Task inputs -
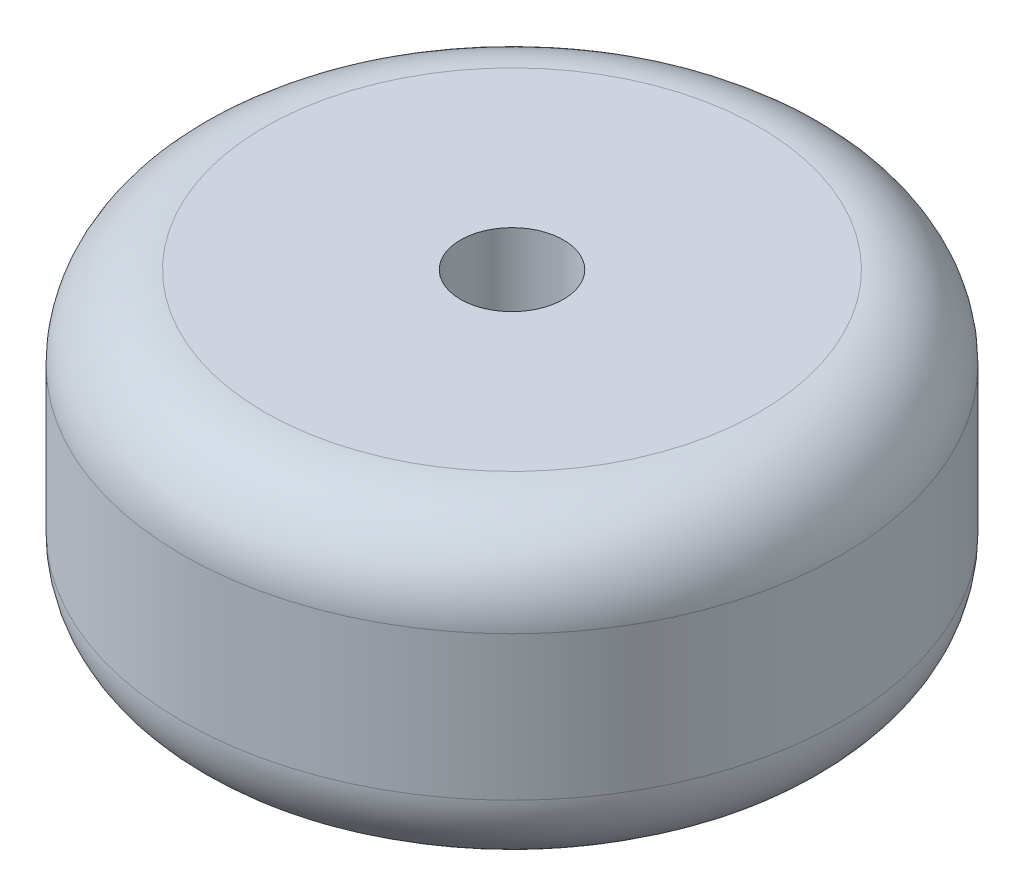
SolidWorks part; units mm, degrees
ref_plane "前视基准面" through (0, 0, 0) normal (0, 0, 1) x (1, 0, 0)
ref_plane "上视基准面" through (0, 0, 0) normal (0, 1, 0) x (1, 0, 0)
ref_plane "右视基准面" through (0, 0, 0) normal (1, 0, 0) x (0, 0, -1)
sketch "草图1" plane through (0, 0, 0) normal (0, 1, 0) x (1, 0, 0)
  circle A0 centre (0, 0) radius 16
  circle A1 centre (0, 0) radius 2.5
  dimension "D1" = 32
  dimension "D2" = 5
extrude "凸台-拉伸1" add sketch "草图1" along normal blind 15
fillet "圆角1" radius 4 2 edges at (0, 0, 16) (0, 15, 16)

Action item - A faithful copy of all the records is required, with the pictures left out.

Written response -
SolidWorks part; units mm, degrees
ref_plane "前视基准面" through (0, 0, 0) normal (0, 0, 1) x (1, 0, 0)
ref_plane "上视基准面" through (0, 0, 0) normal (0, 1, 0) x (1, 0, 0)
ref_plane "右视基准面" through (0, 0, 0) normal (1, 0, 0) x (0, 0, -1)
sketch "草图1" plane through (0, 0, 0) normal (0, 1, 0) x (1, 0, 0)
  circle A0 centre (0, 0) radius 16
  circle A1 centre (0, 0) radius 2.5
  dimension "D1" = 32
  dimension "D2" = 5
extrude "凸台-拉伸1" add sketch "草图1" along normal blind 15
fillet "圆角1" radius 4 2 edges at (0, 0, 16) (0, 15, 16)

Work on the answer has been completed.